Even in the wake of Obama's “evolution” on marriage last week, some critics seized on his statement that the states should decide whether to offer gay and lesbian Americans equal treatment under the law.

Yet it is only the courts – not the executive or legislative branches – that can require the states to honor same-sex marriages. And actions speak louder than words.

This week, Chris Geidner, senior political editor for the LGBT magazine Metro Weekly, appeared on the AlterNet Radio Hour to highlight where the administration has missed opportunities to advance gay civil rights, and to explain how the administration has been working to advance marriage equality nationwide in the courts – out of the glare of the political press. Below is a lightly edited transcript of the interview (you can listen to the whole show here).

Joshua Holland: Chris, we have folks like Rick Santorum running around blathering about how marriage has always been between a man and a woman and all that. Did you know that Professor John Boswell, the late chairman of Yale University’s History Department, discovered in ancient Christian liturgical documents that the church was performing same-sex marriages hundreds and hundreds of years back?

Chris Geidner: Yeah.

JH: I had never heard that.

CG: Professor Boswell has done a remarkable amount of work looking at the history of where the Christian religion has actually been on this issue.

JH: We had marriage equality back in the Dark Ages, it seems -- back in the 10th and 11th centuries. Now we’ve regressed greatly. Also if you go to the Kiev Art Museum there’s a painting which appears to show Jesus himself officiating over a marriage between two men. I did not know any of this.

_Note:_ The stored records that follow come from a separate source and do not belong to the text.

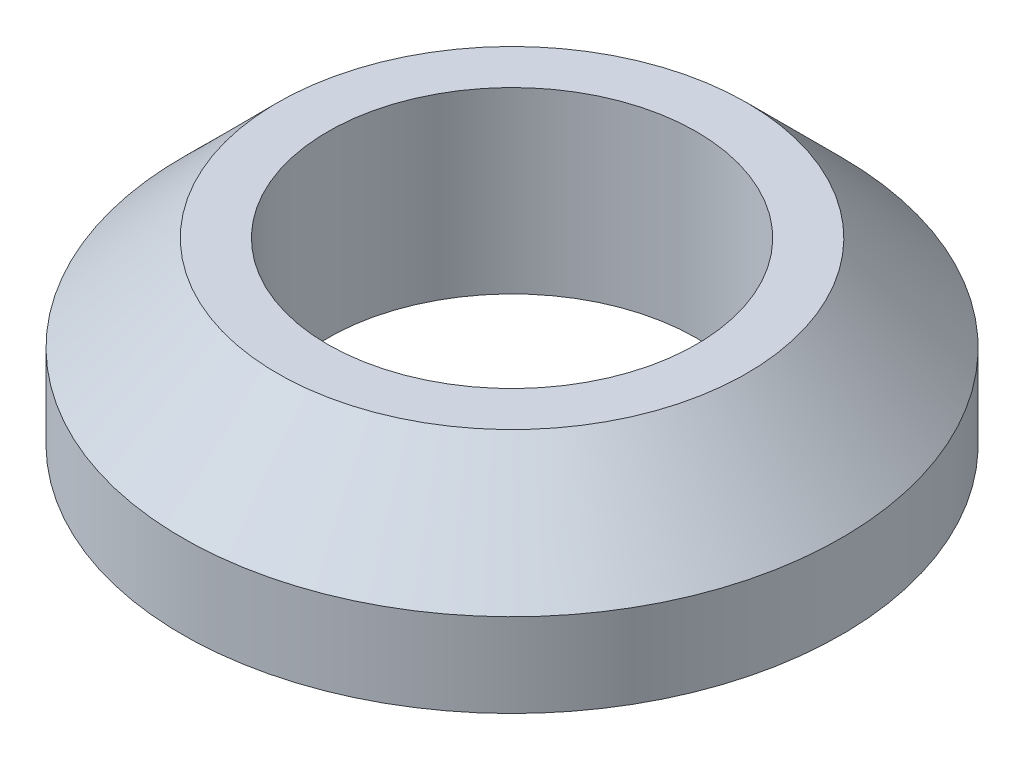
ISO-10303-21;
HEADER;
FILE_DESCRIPTION(('STEP AP214'),'2;1');
FILE_NAME('part.step','',(''),(''),'','','');
FILE_SCHEMA(('AUTOMOTIVE_DESIGN { 1 0 10303 214 1 1 1 1 }'));
ENDSEC;
DATA;
#1=APPLICATION_CONTEXT('core data for automotive mechanical design processes');
#2=APPLICATION_PROTOCOL_DEFINITION('international standard','automotive_design',2000,#1);
#3=PRODUCT_CONTEXT('',#1,'mechanical');
#4=PRODUCT('Part','Part','',(#3));
#5=PRODUCT_RELATED_PRODUCT_CATEGORY('part','',(#4));
#6=PRODUCT_DEFINITION_FORMATION('','',#4);
#7=PRODUCT_DEFINITION_CONTEXT('part definition',#1,'design');
#8=PRODUCT_DEFINITION('design','',#6,#7);
#9=PRODUCT_DEFINITION_SHAPE('','',#8);
#10=(LENGTH_UNIT() NAMED_UNIT(*) SI_UNIT(.MILLI.,.METRE.));
#11=(NAMED_UNIT(*) PLANE_ANGLE_UNIT() SI_UNIT($,.RADIAN.));
#12=(NAMED_UNIT(*) SI_UNIT($,.STERADIAN.) SOLID_ANGLE_UNIT());
#13=UNCERTAINTY_MEASURE_WITH_UNIT(LENGTH_MEASURE(1.E-05),#10,'distance_accuracy_value','');
#14=(GEOMETRIC_REPRESENTATION_CONTEXT(3) GLOBAL_UNCERTAINTY_ASSIGNED_CONTEXT((#13)) GLOBAL_UNIT_ASSIGNED_CONTEXT((#10,
#11,#12)) REPRESENTATION_CONTEXT('',''));
#15=CARTESIAN_POINT('',(0.,0.,0.));
#16=DIRECTION('',(0.,0.,1.));
#17=DIRECTION('',(1.,0.,0.));
#18=AXIS2_PLACEMENT_3D('',#15,#16,#17);
#19=CARTESIAN_POINT('',(5.9,0.,0.));
#20=DIRECTION('',(0.,-1.,0.));
#21=DIRECTION('',(0.,0.,-1.));
#22=AXIS2_PLACEMENT_3D('',#19,#20,#21);
#23=PLANE('',#22);
#24=CARTESIAN_POINT('',(0.,0.,0.));
#25=DIRECTION('',(0.,-1.,0.));
#26=DIRECTION('',(0.,0.,-1.));
#27=AXIS2_PLACEMENT_3D('',#24,#25,#26);
#28=CIRCLE('',#27,5.9);
#29=CARTESIAN_POINT('',(0.,0.,-5.9));
#30=VERTEX_POINT('',#29);
#31=EDGE_CURVE('E31',#30,#30,#28,.T.);
#32=ORIENTED_EDGE('',*,*,#31,.T.);
#33=EDGE_LOOP('',(#32));
#34=FACE_BOUND('',#33,.T.);
#35=CARTESIAN_POINT('',(0.,0.,0.));
#36=DIRECTION('',(0.,-1.,0.));
#37=DIRECTION('',(0.,0.,-1.));
#38=AXIS2_PLACEMENT_3D('',#35,#36,#37);
#39=CIRCLE('',#38,3.3);
#40=CARTESIAN_POINT('',(0.,0.,-3.3));
#41=VERTEX_POINT('',#40);
#42=EDGE_CURVE('E8',#41,#41,#39,.T.);
#43=ORIENTED_EDGE('',*,*,#42,.F.);
#44=EDGE_LOOP('',(#43));
#45=FACE_BOUND('',#44,.T.);
#46=ADVANCED_FACE('F12',(#34,#45),#23,.T.);
#47=CARTESIAN_POINT('',(0.,0.,0.));
#48=DIRECTION('',(0.,-1.,0.));
#49=DIRECTION('',(0.,0.,-1.));
#50=AXIS2_PLACEMENT_3D('',#47,#48,#49);
#51=CYLINDRICAL_SURFACE('',#50,3.3);
#52=ORIENTED_EDGE('',*,*,#42,.T.);
#53=EDGE_LOOP('',(#52));
#54=FACE_BOUND('',#53,.T.);
#55=CARTESIAN_POINT('',(0.,3.2,0.));
#56=DIRECTION('',(0.,-1.,0.));
#57=DIRECTION('',(0.,0.,-1.));
#58=AXIS2_PLACEMENT_3D('',#55,#56,#57);
#59=CIRCLE('',#58,3.3);
#60=CARTESIAN_POINT('',(0.,3.2,-3.3));
#61=VERTEX_POINT('',#60);
#62=EDGE_CURVE('E18',#61,#61,#59,.T.);
#63=ORIENTED_EDGE('',*,*,#62,.F.);
#64=EDGE_LOOP('',(#63));
#65=FACE_BOUND('',#64,.T.);
#66=ADVANCED_FACE('F51',(#54,#65),#51,.F.);
#67=CARTESIAN_POINT('',(3.3,3.2,0.));
#68=DIRECTION('',(0.,1.,0.));
#69=DIRECTION('',(0.,0.,1.));
#70=AXIS2_PLACEMENT_3D('',#67,#68,#69);
#71=PLANE('',#70);
#72=ORIENTED_EDGE('',*,*,#62,.T.);
#73=EDGE_LOOP('',(#72));
#74=FACE_BOUND('',#73,.T.);
#75=CARTESIAN_POINT('',(0.,3.2,0.));
#76=DIRECTION('',(0.,-1.,0.));
#77=DIRECTION('',(0.,0.,-1.));
#78=AXIS2_PLACEMENT_3D('',#75,#76,#77);
#79=CIRCLE('',#78,4.2);
#80=CARTESIAN_POINT('',(0.,3.2,-4.2));
#81=VERTEX_POINT('',#80);
#82=EDGE_CURVE('E22',#81,#81,#79,.T.);
#83=ORIENTED_EDGE('',*,*,#82,.F.);
#84=EDGE_LOOP('',(#83));
#85=FACE_BOUND('',#84,.T.);
#86=ADVANCED_FACE('F47',(#74,#85),#71,.T.);
#87=CARTESIAN_POINT('',(0.,1.5,0.));
#88=DIRECTION('',(0.,-1.,0.));
#89=DIRECTION('',(0.,0.,-1.));
#90=AXIS2_PLACEMENT_3D('',#87,#88,#89);
#91=CONICAL_SURFACE('',#90,5.9,0.785398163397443);
#92=ORIENTED_EDGE('',*,*,#82,.T.);
#93=EDGE_LOOP('',(#92));
#94=FACE_BOUND('',#93,.T.);
#95=CARTESIAN_POINT('',(0.,1.5,0.));
#96=DIRECTION('',(0.,-1.,0.));
#97=DIRECTION('',(0.,0.,-1.));
#98=AXIS2_PLACEMENT_3D('',#95,#96,#97);
#99=CIRCLE('',#98,5.9);
#100=CARTESIAN_POINT('',(0.,1.5,-5.9));
#101=VERTEX_POINT('',#100);
#102=EDGE_CURVE('E26',#101,#101,#99,.T.);
#103=ORIENTED_EDGE('',*,*,#102,.F.);
#104=EDGE_LOOP('',(#103));
#105=FACE_BOUND('',#104,.T.);
#106=ADVANCED_FACE('F39',(#94,#105),#91,.T.);
#107=CARTESIAN_POINT('',(0.,0.,0.));
#108=DIRECTION('',(0.,-1.,0.));
#109=DIRECTION('',(0.,0.,-1.));
#110=AXIS2_PLACEMENT_3D('',#107,#108,#109);
#111=CYLINDRICAL_SURFACE('',#110,5.9);
#112=ORIENTED_EDGE('',*,*,#102,.T.);
#113=EDGE_LOOP('',(#112));
#114=FACE_BOUND('',#113,.T.);
#115=ORIENTED_EDGE('',*,*,#31,.F.);
#116=EDGE_LOOP('',(#115));
#117=FACE_BOUND('',#116,.T.);
#118=ADVANCED_FACE('F37',(#114,#117),#111,.T.);
#119=CLOSED_SHELL('',(#46,#66,#86,#106,#118));
#120=MANIFOLD_SOLID_BREP('B1',#119);
#121=ADVANCED_BREP_SHAPE_REPRESENTATION('',(#18,#120),#14);
#122=SHAPE_DEFINITION_REPRESENTATION(#9,#121);
ENDSEC;
END-ISO-10303-21;
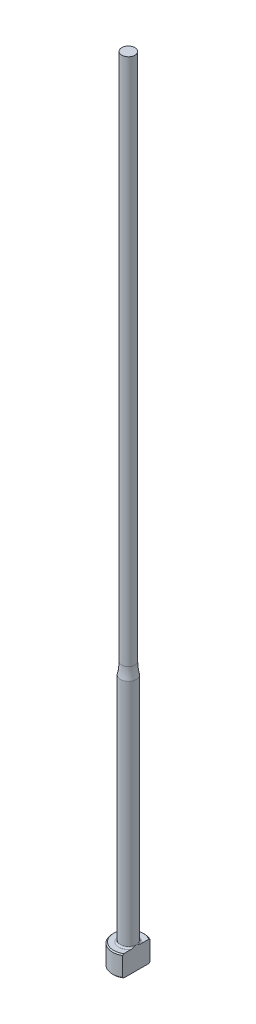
ISO-10303-21;
HEADER;
FILE_DESCRIPTION(('STEP AP214'),'2;1');
FILE_NAME('part.step','',(''),(''),'','','');
FILE_SCHEMA(('AUTOMOTIVE_DESIGN { 1 0 10303 214 1 1 1 1 }'));
ENDSEC;
DATA;
#1=APPLICATION_CONTEXT('core data for automotive mechanical design processes');
#2=APPLICATION_PROTOCOL_DEFINITION('international standard','automotive_design',2000,#1);
#3=PRODUCT_CONTEXT('',#1,'mechanical');
#4=PRODUCT('Part','Part','',(#3));
#5=PRODUCT_RELATED_PRODUCT_CATEGORY('part','',(#4));
#6=PRODUCT_DEFINITION_FORMATION('','',#4);
#7=PRODUCT_DEFINITION_CONTEXT('part definition',#1,'design');
#8=PRODUCT_DEFINITION('design','',#6,#7);
#9=PRODUCT_DEFINITION_SHAPE('','',#8);
#10=(LENGTH_UNIT() NAMED_UNIT(*) SI_UNIT(.MILLI.,.METRE.));
#11=(NAMED_UNIT(*) PLANE_ANGLE_UNIT() SI_UNIT($,.RADIAN.));
#12=(NAMED_UNIT(*) SI_UNIT($,.STERADIAN.) SOLID_ANGLE_UNIT());
#13=UNCERTAINTY_MEASURE_WITH_UNIT(LENGTH_MEASURE(1.E-05),#10,'distance_accuracy_value','');
#14=(GEOMETRIC_REPRESENTATION_CONTEXT(3) GLOBAL_UNCERTAINTY_ASSIGNED_CONTEXT((#13)) GLOBAL_UNIT_ASSIGNED_CONTEXT((#10,
#11,#12)) REPRESENTATION_CONTEXT('',''));
#15=CARTESIAN_POINT('',(0.,0.,0.));
#16=DIRECTION('',(0.,0.,1.));
#17=DIRECTION('',(1.,0.,0.));
#18=AXIS2_PLACEMENT_3D('',#15,#16,#17);
#19=CARTESIAN_POINT('',(-2.99999999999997,4.,0.));
#20=DIRECTION('',(0.,1.,0.));
#21=DIRECTION('',(0.,0.,1.));
#22=AXIS2_PLACEMENT_3D('',#19,#20,#21);
#23=PLANE('',#22);
#24=CARTESIAN_POINT('',(0.,4.,0.));
#25=DIRECTION('',(0.,1.,0.));
#26=DIRECTION('',(0.,0.,1.));
#27=AXIS2_PLACEMENT_3D('',#24,#25,#26);
#28=CIRCLE('',#27,2.79999999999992);
#29=CARTESIAN_POINT('',(1.49999999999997,4.,-2.3643180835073));
#30=VERTEX_POINT('',#29);
#31=CARTESIAN_POINT('',(1.49999999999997,4.,2.3643180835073));
#32=VERTEX_POINT('',#31);
#33=EDGE_CURVE('E187',#30,#32,#28,.T.);
#34=ORIENTED_EDGE('',*,*,#33,.T.);
#35=DIRECTION('',(0.,0.,-1.));
#36=VECTOR('',#35,1.);
#37=CARTESIAN_POINT('',(1.49999999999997,4.,0.));
#38=LINE('',#37,#36);
#39=CARTESIAN_POINT('',(1.49999999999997,4.00000000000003,0.994987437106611));
#40=VERTEX_POINT('',#39);
#41=EDGE_CURVE('E57',#32,#40,#38,.T.);
#42=ORIENTED_EDGE('',*,*,#41,.T.);
#43=CARTESIAN_POINT('',(0.,4.,0.));
#44=DIRECTION('',(0.,1.,0.));
#45=DIRECTION('',(0.,0.,1.));
#46=AXIS2_PLACEMENT_3D('',#43,#44,#45);
#47=CIRCLE('',#46,1.79999999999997);
#48=CARTESIAN_POINT('',(1.49999999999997,4.00000000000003,-0.994987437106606));
#49=VERTEX_POINT('',#48);
#50=EDGE_CURVE('E108',#40,#49,#47,.F.);
#51=ORIENTED_EDGE('',*,*,#50,.T.);
#52=EDGE_CURVE('E137',#49,#30,#38,.T.);
#53=ORIENTED_EDGE('',*,*,#52,.T.);
#54=EDGE_LOOP('',(#34,#42,#51,#53));
#55=FACE_BOUND('',#54,.T.);
#56=ADVANCED_FACE('F32',(#55),#23,.T.);
#57=CARTESIAN_POINT('',(0.,259.958771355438,0.));
#58=DIRECTION('',(0.,1.,0.));
#59=DIRECTION('',(0.,0.,1.));
#60=AXIS2_PLACEMENT_3D('',#57,#58,#59);
#61=CYLINDRICAL_SURFACE('',#60,2.99999999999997);
#62=CARTESIAN_POINT('',(0.,3.79999999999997,0.));
#63=DIRECTION('',(0.,1.,0.));
#64=DIRECTION('',(0.,0.,1.));
#65=AXIS2_PLACEMENT_3D('',#62,#63,#64);
#66=CIRCLE('',#65,2.99999999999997);
#67=CARTESIAN_POINT('',(1.49999999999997,3.79999999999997,2.5980762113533));
#68=VERTEX_POINT('',#67);
#69=CARTESIAN_POINT('',(1.49999999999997,3.79999999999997,-2.5980762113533));
#70=VERTEX_POINT('',#69);
#71=EDGE_CURVE('E105',#68,#70,#66,.F.);
#72=ORIENTED_EDGE('',*,*,#71,.T.);
#73=DIRECTION('',(0.,-1.,0.));
#74=VECTOR('',#73,1.);
#75=CARTESIAN_POINT('',(1.49999999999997,150.,-2.5980762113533));
#76=LINE('',#75,#74);
#77=CARTESIAN_POINT('',(1.49999999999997,0.199999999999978,-2.5980762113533));
#78=VERTEX_POINT('',#77);
#79=EDGE_CURVE('E193',#70,#78,#76,.T.);
#80=ORIENTED_EDGE('',*,*,#79,.T.);
#81=CARTESIAN_POINT('',(0.,0.199999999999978,0.));
#82=DIRECTION('',(0.,-1.,0.));
#83=DIRECTION('',(0.,0.,-1.));
#84=AXIS2_PLACEMENT_3D('',#81,#82,#83);
#85=CIRCLE('',#84,2.99999999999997);
#86=CARTESIAN_POINT('',(1.49999999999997,0.199999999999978,2.5980762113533));
#87=VERTEX_POINT('',#86);
#88=EDGE_CURVE('E100',#78,#87,#85,.F.);
#89=ORIENTED_EDGE('',*,*,#88,.T.);
#90=DIRECTION('',(0.,-1.,0.));
#91=VECTOR('',#90,1.);
#92=CARTESIAN_POINT('',(1.49999999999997,150.,2.5980762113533));
#93=LINE('',#92,#91);
#94=EDGE_CURVE('E93',#68,#87,#93,.T.);
#95=ORIENTED_EDGE('',*,*,#94,.F.);
#96=EDGE_LOOP('',(#72,#80,#89,#95));
#97=FACE_BOUND('',#96,.T.);
#98=ADVANCED_FACE('F158',(#97),#61,.T.);
#99=CARTESIAN_POINT('',(0.,0.,0.));
#100=DIRECTION('',(0.,-1.,0.));
#101=DIRECTION('',(0.,0.,-1.));
#102=AXIS2_PLACEMENT_3D('',#99,#100,#101);
#103=PLANE('',#102);
#104=CARTESIAN_POINT('',(0.,0.,0.));
#105=DIRECTION('',(0.,-1.,0.));
#106=DIRECTION('',(0.,0.,-1.));
#107=AXIS2_PLACEMENT_3D('',#104,#105,#106);
#108=CIRCLE('',#107,2.8);
#109=CARTESIAN_POINT('',(1.49999999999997,0.,2.36431808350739));
#110=VERTEX_POINT('',#109);
#111=CARTESIAN_POINT('',(1.49999999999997,0.,-2.36431808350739));
#112=VERTEX_POINT('',#111);
#113=EDGE_CURVE('E98',#110,#112,#108,.T.);
#114=ORIENTED_EDGE('',*,*,#113,.T.);
#115=DIRECTION('',(0.,0.,1.));
#116=VECTOR('',#115,1.);
#117=CARTESIAN_POINT('',(1.49999999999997,0.,2.5980762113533));
#118=LINE('',#117,#116);
#119=EDGE_CURVE('E83',#112,#110,#118,.T.);
#120=ORIENTED_EDGE('',*,*,#119,.T.);
#121=EDGE_LOOP('',(#114,#120));
#122=FACE_BOUND('',#121,.T.);
#123=ADVANCED_FACE('F103',(#122),#103,.T.);
#124=CARTESIAN_POINT('',(0.,4.,0.));
#125=DIRECTION('',(0.,-1.,0.));
#126=DIRECTION('',(0.,0.,-1.));
#127=AXIS2_PLACEMENT_3D('',#124,#125,#126);
#128=CONICAL_SURFACE('',#127,2.79999999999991,0.7853981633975);
#129=ORIENTED_EDGE('',*,*,#71,.F.);
#130=CARTESIAN_POINT('',(1.49999999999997,0.888258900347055,5.71827621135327));
#131=CARTESIAN_POINT('',(1.49999999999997,1.01361833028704,5.58866816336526));
#132=CARTESIAN_POINT('',(1.49999999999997,1.13884324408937,5.45892957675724));
#133=CARTESIAN_POINT('',(1.49999999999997,1.38894444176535,5.19911365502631));
#134=CARTESIAN_POINT('',(1.49999999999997,1.51382072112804,5.06903631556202));
#135=CARTESIAN_POINT('',(1.49999999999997,1.76320568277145,4.8084018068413));
#136=CARTESIAN_POINT('',(1.49999999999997,1.88771414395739,4.67784442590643));
#137=CARTESIAN_POINT('',(1.49999999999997,2.13618059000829,4.41620813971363));
#138=CARTESIAN_POINT('',(1.49999999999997,2.26013857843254,4.28512923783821));
#139=CARTESIAN_POINT('',(1.49999999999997,2.50488975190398,4.02490837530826));
#140=CARTESIAN_POINT('',(1.49999999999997,2.62569693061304,3.89577958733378));
#141=CARTESIAN_POINT('',(1.49999999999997,2.86640694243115,3.63668213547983));
#142=CARTESIAN_POINT('',(1.49999999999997,2.98630978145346,3.5067134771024));
#143=CARTESIAN_POINT('',(1.49999999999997,3.22486033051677,3.24567921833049));
#144=CARTESIAN_POINT('',(1.49999999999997,3.34350830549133,3.11461386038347));
#145=CARTESIAN_POINT('',(1.49999999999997,3.57907716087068,2.85094268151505));
#146=CARTESIAN_POINT('',(1.49999999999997,3.69599811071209,2.71833692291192));
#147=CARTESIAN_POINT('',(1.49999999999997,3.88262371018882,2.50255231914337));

CG: I definitely have not seen that.

JH: It’s fascinating stuff. Getting back to the present. This week Obama made huge news by coming out in favor of full marriage equality. Let me ask you, were you surprised by this move?

CG: I wasn’t surprised by the decision that he made. I think it’s been clear that we were really looking at a matter of when, not if on this issue. I think that clearly the vice-president’s eager words on "Meet the Press" this past weekend created a media situation that didn’t allow for the president to do this on his timeline. In order to get back to the topics that they want to be spending the election season on, they had to just get this done.

JH: And it's six months before the election, so it’s not going to be an immediate, salient issue. Some people say that Joe Biden had a carefully plotted-out balloon -- a trial balloon. I tend to think Joe Biden is famous for running off his mouth and got ahead of himself. What’s your take?

CG: I don’t buy the idea that it was a trial balloon. I think it always comes down to a tweet these days. It’s not follow the money; it’s follow the tweets. When Chuck Todd said that the vice-president’s office had contacted him immediately after the interview aired and told him that that vice-president was speaking for himself and not the administration – that sort of makes clear where things were, even though later David Axelrod, representing the campaign, made a statement saying that the vice president hadn’t said anything more than what the president had already said.